# -satansmurf- vs. -horse spider-



## Quiet269 (Sep 23, 2008)

Horse you say?  

 So, I am taking out the garbage to the curb and preparing for my nightly "zen" time of watering the lawn. I go to grab the can from the garage and what I thought was a rat run out from under it. 

 So, silly me, having seen where it went, I though, let me see this silly rodent. So, I crawl under my trailer (which, for reasons beyond me, I keep in the garage) and lift the little box that it went under... 


 It was not a mouse. It sure couldn't be a spider. It actually cast a shadow. I would peg it at 2" tall, legs spread at perhaps a total width of five or six inches. 

 And it looked at me. And started moving!  

 I screamed worse than a little girl, smashed my head on the trailer axle and scraped the hell out of my knees on the floor trying to back up. 

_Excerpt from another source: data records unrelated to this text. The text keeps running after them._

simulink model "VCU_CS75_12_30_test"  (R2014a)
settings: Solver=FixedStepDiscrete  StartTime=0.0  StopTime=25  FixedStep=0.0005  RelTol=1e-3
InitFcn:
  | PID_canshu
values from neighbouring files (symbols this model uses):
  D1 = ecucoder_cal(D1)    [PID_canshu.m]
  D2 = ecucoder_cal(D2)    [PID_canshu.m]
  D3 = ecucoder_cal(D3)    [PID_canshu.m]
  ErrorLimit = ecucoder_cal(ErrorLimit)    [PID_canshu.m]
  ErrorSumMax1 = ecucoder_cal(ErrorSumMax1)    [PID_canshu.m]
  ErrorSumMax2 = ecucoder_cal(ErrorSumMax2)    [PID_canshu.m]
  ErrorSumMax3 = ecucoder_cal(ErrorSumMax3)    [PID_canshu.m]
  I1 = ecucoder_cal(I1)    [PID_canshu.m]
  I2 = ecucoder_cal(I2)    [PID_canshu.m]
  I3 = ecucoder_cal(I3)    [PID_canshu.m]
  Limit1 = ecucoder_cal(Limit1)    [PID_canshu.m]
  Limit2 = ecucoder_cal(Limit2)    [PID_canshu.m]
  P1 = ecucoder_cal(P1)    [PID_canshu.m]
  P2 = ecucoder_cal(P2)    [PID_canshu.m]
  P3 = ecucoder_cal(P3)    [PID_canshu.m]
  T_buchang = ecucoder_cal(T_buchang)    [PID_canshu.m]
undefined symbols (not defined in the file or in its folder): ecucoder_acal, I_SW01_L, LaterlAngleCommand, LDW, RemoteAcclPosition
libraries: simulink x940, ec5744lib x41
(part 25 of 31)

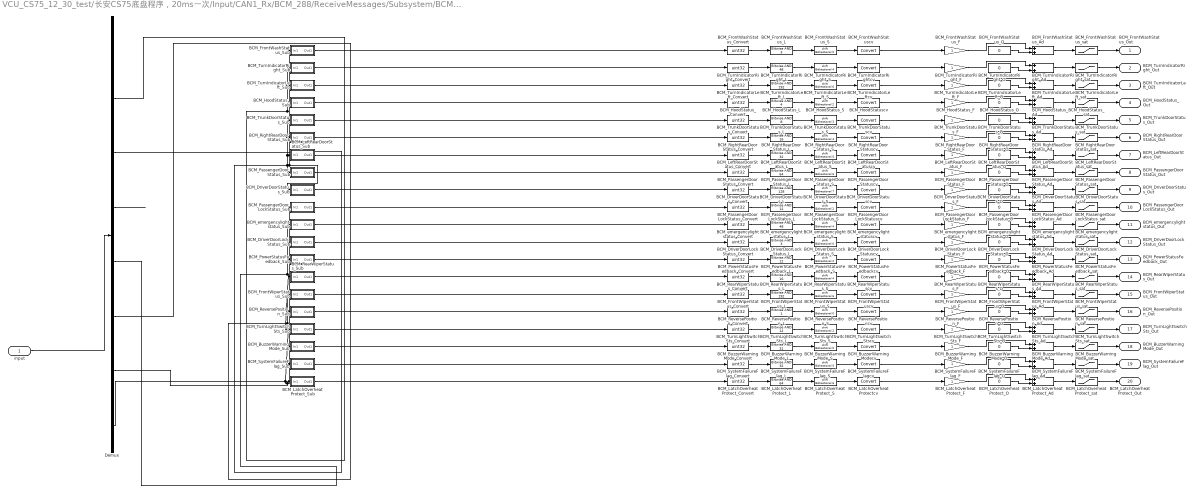
== system VCU_CS75_12_30_test/长安CS75底盘程序，20ms一次/Input/CAN1_Rx/BCM_288/ReceiveMessages/Subsystem/BCM_1 ==
  input : Inport
  BCM_BuzzerWarningMode_Ad : Sum
  BCM_BuzzerWarningMode_Convert : DataTypeConversion  OutDataTypeStr=uint32
  BCM_BuzzerWarningMode_F : Gain
  BCM_BuzzerWarningMode_L : simulink/Logic and Bit Operations/Bitwise Operator  logicop=AND  UseBitMask=on  BitMask=31  BitMaskRealWorld=Stored Integer
  BCM_BuzzerWarningMode_O : Constant  Value=0  OutDataTypeStr=single
  BCM_BuzzerWarningMode_S : ArithShift
  BCM_BuzzerWarningMode_Sub : Subsystem
  BCM_BuzzerWarningMode_sat : Saturate  UpperLimit=31  LowerLimit=0
  BCM_BuzzerWarningModecv : DataTypeConversion
  BCM_DriverDoorLockStatus_Ad : Sum
  BCM_DriverDoorLockStatus_Convert : DataTypeConversion  OutDataTypeStr=uint32
  BCM_DriverDoorLockStatus_F : Gain
  BCM_DriverDoorLockStatus_L : simulink/Logic and Bit Operations/Bitwise Operator  logicop=AND  UseBitMask=on  BitMask=3  BitMaskRealWorld=Stored Integer
  BCM_DriverDoorLockStatus_O : Constant  Value=0  OutDataTypeStr=single
  BCM_DriverDoorLockStatus_S : ArithShift
  BCM_DriverDoorLockStatus_Sub : Subsystem
  BCM_DriverDoorLockStatus_sat : Saturate  UpperLimit=3  LowerLimit=0
  BCM_DriverDoorLockStatuscv : DataTypeConversion
  BCM_DriverDoorStatus_Ad : Sum
  BCM_DriverDoorStatus_Convert : DataTypeConversion  OutDataTypeStr=uint32
  BCM_DriverDoorStatus_F : Gain
  BCM_DriverDoorStatus_L : simulink/Logic and Bit Operations/Bitwise Operator  logicop=AND  UseBitMask=on  BitMask=128  BitMaskRealWorld=Stored Integer
  BCM_DriverDoorStatus_O : Constant  Value=0  OutDataTypeStr=single
  BCM_DriverDoorStatus_S : ArithShift  BitShiftNumber=7
  BCM_DriverDoorStatus_Sub : Subsystem
  BCM_DriverDoorStatus_sat : Saturate  UpperLimit=1  LowerLimit=0
  BCM_DriverDoorStatuscv : DataTypeConversion
  BCM_FrontWashStatus_Ad : Sum
  BCM_FrontWashStatus_Convert : DataTypeConversion  OutDataTypeStr=uint32
  BCM_FrontWashStatus_F : Gain
  BCM_FrontWashStatus_L : simulink/Logic and Bit Operations/Bitwise Operator  logicop=AND  UseBitMask=on  BitMask=3  BitMaskRealWorld=Stored Integer
  BCM_FrontWashStatus_O : Constant  Value=0  OutDataTypeStr=single
  BCM_FrontWashStatus_S : ArithShift
  BCM_FrontWashStatus_Sub : Subsystem
  BCM_FrontWashStatus_sat : Saturate  UpperLimit=3  LowerLimit=0
  BCM_FrontWashStatuscv : DataTypeConversion
  BCM_FrontWiperStatus_Ad : Sum
  BCM_FrontWiperStatus_Convert : DataTypeConversion  OutDataTypeStr=uint32
  BCM_FrontWiperStatus_F : Gain
  BCM_FrontWiperStatus_L : simulink/Logic and Bit Operations/Bitwise Operator  logicop=AND  UseBitMask=on  BitMask=192  BitMaskRealWorld=Stored Integer
  BCM_FrontWiperStatus_O : Constant  Value=0  OutDataTypeStr=single
  BCM_FrontWiperStatus_S : ArithShift  BitShiftNumber=6
  BCM_FrontWiperStatus_Sub : Subsystem
  BCM_FrontWiperStatus_sat : Saturate  UpperLimit=3  LowerLimit=0
  BCM_FrontWiperStatuscv : DataTypeConversion
  BCM_HoodStatus_Ad : Sum
  BCM_HoodStatus_Convert : DataTypeConversion  OutDataTypeStr=uint32
  BCM_HoodStatus_F : Gain
  BCM_HoodStatus_L : simulink/Logic and Bit Operations/Bitwise Operator  logicop=AND  UseBitMask=on  BitMask=4  BitMaskRealWorld=Stored Integer
  BCM_HoodStatus_O : Constant  Value=0  OutDataTypeStr=single
  BCM_HoodStatus_S : ArithShift  BitShiftNumber=2
  BCM_HoodStatus_Sub : Subsystem
  BCM_HoodStatus_sat : Saturate  UpperLimit=1  LowerLimit=0
  BCM_HoodStatuscv : DataTypeConversion
  BCM_LatchOverheatProtect_Ad : Sum
  BCM_LatchOverheatProtect_Convert : DataTypeConversion  OutDataTypeStr=uint32
  BCM_LatchOverheatProtect_F : Gain
  BCM_LatchOverheatProtect_L : simulink/Logic and Bit Operations/Bitwise Operator  logicop=AND  UseBitMask=on  BitMask=64  BitMaskRealWorld=Stored Integer
  BCM_LatchOverheatProtect_O : Constant  Value=0  OutDataTypeStr=single
  BCM_LatchOverheatProtect_S : ArithShift  BitShiftNumber=6
  BCM_LatchOverheatProtect_Sub : Subsystem
  BCM_LatchOverheatProtect_sat : Saturate  UpperLimit=1  LowerLimit=0
  BCM_LatchOverheatProtectcv : DataTypeConversion
  BCM_LeftRearDoorStatus_Ad : Sum
  BCM_LeftRearDoorStatus_Convert : DataTypeConversion  OutDataTypeStr=uint32
  BCM_LeftRearDoorStatus_F : Gain
  BCM_LeftRearDoorStatus_L : simulink/Logic and Bit Operations/Bitwise Operator  logicop=AND  UseBitMask=on  BitMask=32  BitMaskRealWorld=Stored Integer
  BCM_LeftRearDoorStatus_O : Constant  Value=0  OutDataTypeStr=single
  BCM_LeftRearDoorStatus_S : ArithShift  BitShiftNumber=5
  BCM_LeftRearDoorStatus_Sub : Subsystem
  BCM_LeftRearDoorStatus_sat : Saturate  UpperLimit=1  LowerLimit=0
  BCM_LeftRearDoorStatuscv : DataTypeConversion
  BCM_PassengerDoorLockStatus_Ad : Sum
  BCM_PassengerDoorLockStatus_Convert : DataTypeConversion  OutDataTypeStr=uint32
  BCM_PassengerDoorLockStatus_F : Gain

 And next thing I knew, I was standing down on the sidewalk, looking back at the garage with certain trepidation.  

 Now I didn't know where it was. Did it head up the stairs, open the door and start drinking my beer? Maybe waiting above the garage door waiting for me to return? 

 Fortunately, I had my keys in my pocket and entered the house through the front door. I went to the kitchen and rummaged around under the sink and found my goal.. RAID! 

 It was "Flying Insect Raid" but I figured it would do.  

 So now.. How do I enter the garage to find this beast?  

 I decided that going back out through the front door and through the garage door (which is double wide) was my best bet. I would have the best chance of seeing it before it ate me. 

 So, out I go.. and inch my way back into the garage. Now, it should be said, it is actually a three car garage. So it is pretty dang big. 

 I thought it looked like it was heading from the two car part of the garage to the one car part - which is where all my yard tools, building materials and the like are kept. So, that way I head. 

 I crawl slowly over a wheel barrow, slide over some plywood remnants and head into the one car part of the garage.  

 And then.  

 The light went out.  

 Now, since I was only planning a brief stay in the garage, I had not turned on the light. So how did I have light? When the garage door open or closes, it has a little light built in to it that lasts for 6 minutes. I had only relied on that and not turned on the main lights. 

 So there I stood. In the dark. With Godzarachnid somewhere nearby. And lots of garage crap between me and the light switch.  

 Unforunately, I only stood very briefly and did not do something intelligent like wait for my eyes to adjust to the dark or anything. I hauled butt back toward the opening the garage door offered as salvation. 

 Now, I don't think it needs stiches, but I tripped on the plywood, fell (literally) in to the wheel barrow and crashed down with it all onto my yard hand tools - gashing my knee on a gas powered edgers blade. 

 Much cussing ensued as I finished crashing my way out of my garage - and I am not kidding here - I had a big gas powered weed wacker dragging behind me because my belt hooked on part of it as I tried to get out quickly. 

 What is that smell?  

 Oh, just the gas running down my leg.  

 AIIIIIIIIIIIIIIIAAAAAAAAAAAAAOOOOOOOOOOOOOOWWWWWWWWWWWWWWWWWWWWWWWWWWWWWWWWWWWWW!  

 Yes. Gas plus large open flesh wounds (my knee) do not mesh well.  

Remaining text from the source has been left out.